Deploying remote models

Machine learned models in Vespa, either TensorFlow, ONNX, or XGBoost, are expected to be put in the application package under the models directory. This might be inconvenient for some applications, for instance for models that are frequently retrained on some remote system. Additionally, some models might be too large to fit within the constraints of the version control system.

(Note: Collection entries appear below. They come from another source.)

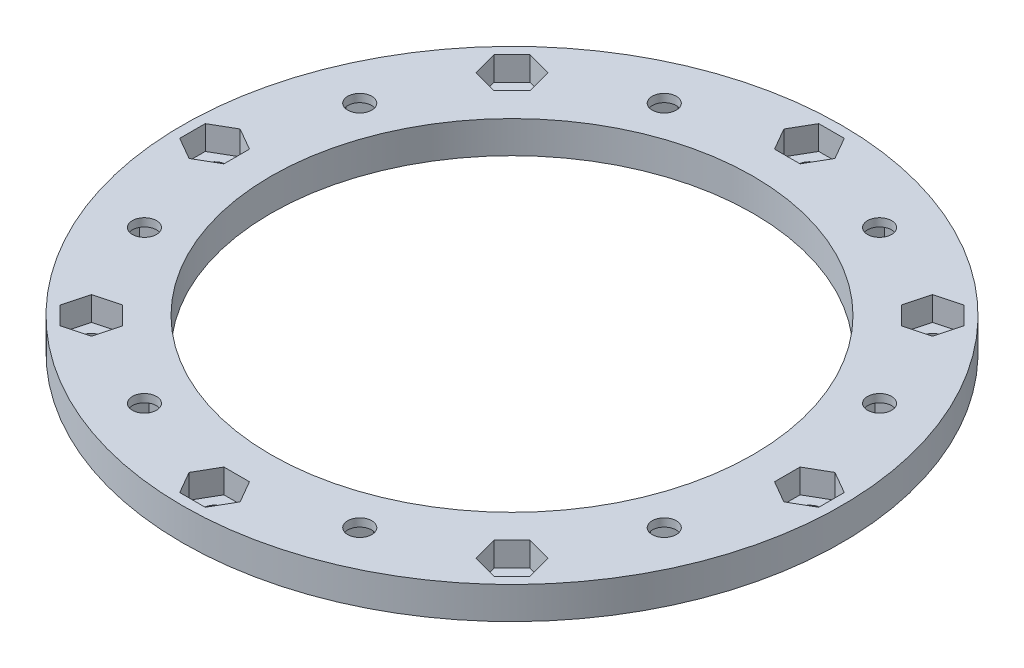
SolidWorks part; units mm, degrees
ref_plane "Front Plane" through (0, 0, 0) normal (0, 0, 1) x (1, 0, 0)
ref_plane "Top Plane" through (0, 0, 0) normal (0, 1, 0) x (1, 0, 0)
ref_plane "Right Plane" through (0, 0, 0) normal (1, 0, 0) x (0, 0, -1)
sketch "草图1" plane through (0, 0, 0) normal (0, 1, 0) x (1, 0, 0)
  circle A0 centre (0, 0) radius 37
  circle A2 centre (0, 37) radius 3
  circle A3 centre (0, 0) radius 35
  point P3 (0, 37)
  point P4 (-37, 0)
  point P5 (37, 0)
  dimension "D1" = 74
  dimension "D2" = 6
  dimension "D3" = 70
sketch "草图2" plane through (0, 0, 0) normal (0, 1, 0) x (1, 0, 0)
  circle A0 centre (0, 0) radius 41
  circle A1 centre (0, 0) radius 30
  dimension "D1" = 82
  dimension "D2" = 60
extrude "凸台-拉伸1" add sketch "草图2" along normal blind 4
sketch "草图3" plane through (0, 4, 0) normal (0, 1, 0) x (1, 0, 0)
  circle A0 centre (0, 0) radius 37 construction
  circle A1 centre (0, 37) radius 1.5
  dimension "D1" = 3
sketch "草图4" plane through (0, 4, 0) normal (0, 1, 0) x (1, 0, 0)
  line L1 (3.1754, 37) -> (1.5877, 39.75)
  line L2 (1.5877, 39.75) -> (-1.5877, 39.75)
  line L3 (-1.5877, 39.75) -> (-3.1754, 37)
  line L4 (-3.1754, 37) -> (-1.5877, 34.25)
  line L5 (-1.5877, 34.25) -> (1.5877, 34.25)
  line L6 (1.5877, 34.25) -> (3.1754, 37)
  circle A1 centre (0, 37) radius 2.75 construction
  dimension "D1" = 5.5
extrude "切除-拉伸1" cut sketch "草图3" against normal through all
extrude "切除-拉伸2" cut sketch "草图4" against normal blind 3
pattern_circular "阵列(圆周)1" count 24 over 360 about axis through (0, 4, 0) along (0, 1, 0) of "切除-拉伸2", "切除-拉伸1"
sketch "草图5" plane through (0, 0, 0) normal (0, -1, 0) x (1, 0, 0)
  line L0 (0, 35) -> (0, 0) construction
  line L1 (0, 0) -> (13.3939, 32.3358) construction
  circle A0 centre (13.3939, 32.3358) radius 1.5
  circle A1 centre (0, 0) radius 35 construction
  circle A2 centre (0, 0) radius 35 construction
  dimension "D1" = 3
  dimension "D2" = 22.5
sketch "草图6" plane through (0, 0, 0) normal (0, -1, 0) x (1, 0, 0)
  line L0 (0, 0) -> (13.3939, 32.3358) construction
  line L1 (12.1787, 29.4021) -> (15.327, 29.8165)
  line L2 (15.327, 29.8165) -> (16.5422, 32.7503)
  line L3 (16.5422, 32.7503) -> (14.6091, 35.2695)
  line L4 (14.6091, 35.2695) -> (11.4608, 34.855)
  line L5 (11.4608, 34.855) -> (10.2457, 31.9213)
  line L6 (10.2457, 31.9213) -> (12.1787, 29.4021)
  circle A2 centre (13.3939, 32.3358) radius 2.75 construction
  dimension "D1" = 5.5
extrude "切除-拉伸3" cut sketch "草图5" against normal through all
extrude "切除-拉伸4" cut sketch "草图6" against normal blind 3
pattern_circular "阵列(圆周)2" count 24 over 360 about axis through (0, 0, 0) along (0, 1, 0) of "切除-拉伸4", "切除-拉伸3"
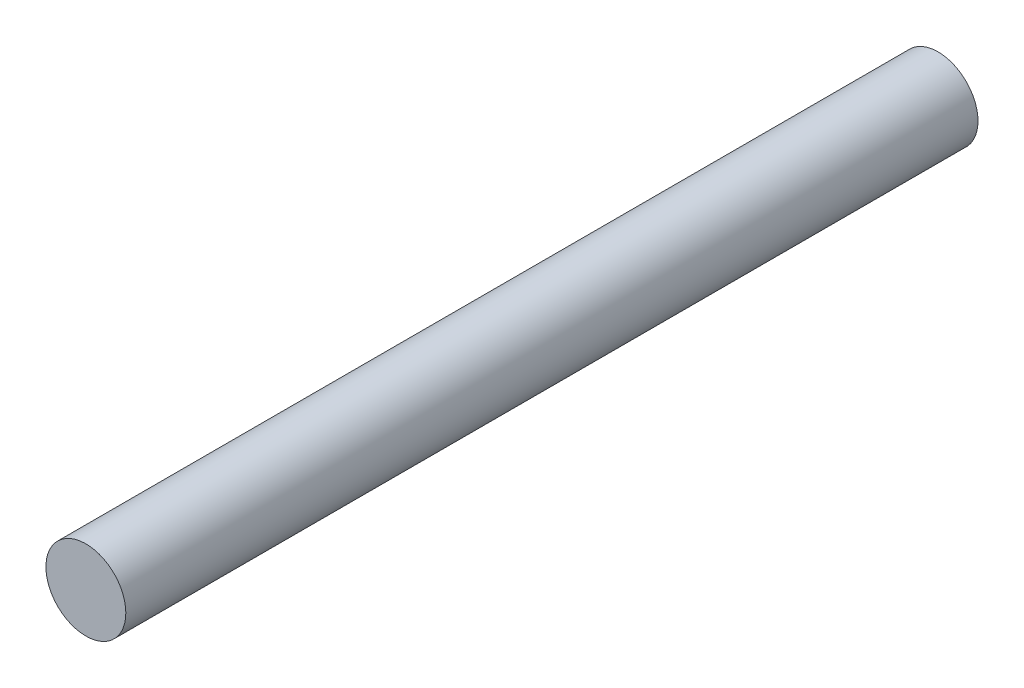
SolidWorks part; units mm, degrees
material "LW-PLA"
ref_plane "Front Plane" through (0, 0, 0) normal (0, 0, 1) x (1, 0, 0)
ref_plane "Top Plane" through (0, 0, 0) normal (0, 1, 0) x (1, 0, 0)
ref_plane "Right Plane" through (0, 0, 0) normal (1, 0, 0) x (0, 0, -1)
sketch "Sketch1" plane through (0, 0, 0) normal (0, 0, 1) x (1, 0, 0)
  circle A0 centre (0, 0) radius 0.75
  dimension "D1" = 1.5
extrude "Boss-Extrude1" add sketch "Sketch1" along normal blind 16
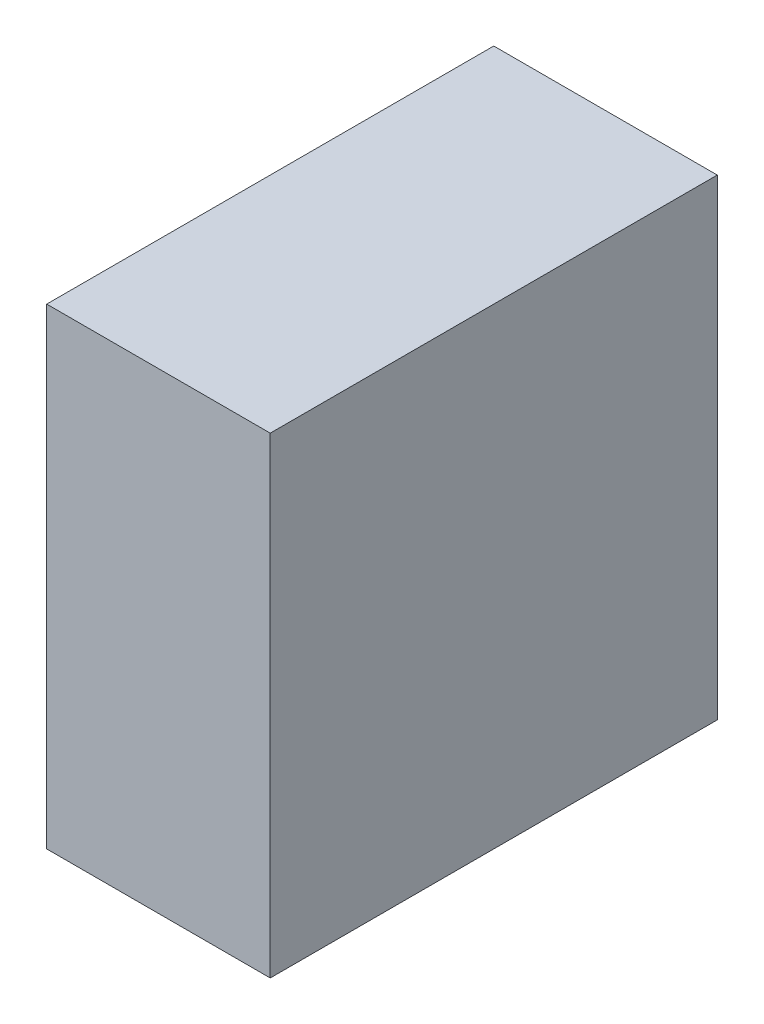
SolidWorks part; units mm, degrees
material "Low Carbon Steel"
ref_plane "Front Plane" through (0, 0, 0) normal (0, 0, 1) x (1, 0, 0)
ref_plane "Top Plane" through (0, 0, 0) normal (0, 1, 0) x (1, 0, 0)
ref_plane "Right Plane" through (0, 0, 0) normal (1, 0, 0) x (0, 0, -1)
sketch "Sketch1" plane through (0, 0, 0) normal (0, 0, 1) x (1, 0, 0)
  line L1 (-28.575, 120.65) -> (28.575, 120.65)
  line L2 (-28.575, 120.65) -> (-28.575, 0)
  line L3 (-28.575, 0) -> (28.575, 0)
  line L4 (28.575, 120.65) -> (28.575, 0)
  dimension "D1" = 57.15
  dimension "D2" = 120.65
extrude "Boss-Extrude1" add sketch "Sketch1" along normal mid plane 114.3
other "Freeze***"

The solution is to download the models from the remote location during the application package build. This is simply implemented by adding a step in the pom.xml of the Vespa application:

<build>
  <plugins>
    <plugin>
      <groupId>org.codehaus.mojo</groupId>
      <artifactId>exec-maven-plugin</artifactId>
      <version>1.4.0</version>
      <executions>
        <execution>
          <id>download-model</id>
          <phase>generate-resources</phase>
          <goals>
            <goal>exec</goal>
          </goals>
          <configuration>
            <executable>bin/download_models.sh</executable>
            <arguments>
              <argument>target/application/models</argument>
              <argument>MODEL-URL</argument>
            </arguments>
          </configuration>
        </execution>
      </executions>
    </plugin>
  </plugins>
</build>

A simplistic example of bin/download_model.sh is:

#!/bin/bash

DIR="$1"
URL="$2"

echo "[INFO] Downloading $URL into $DIR"

mkdir -p $DIR
pushd $DIR
    curl -O $URL
popd

Any necessary credentials for authentication and authorization should be added to this script, as well as any unpacking of archives (for TensorFlow models for instance).

To automatically deploy periodically trained models, the model training pipeline could trigger the Vespa CD system for a full application rebuild and deployment. One should probably set up some form of staging environment to test the model before deploying to production.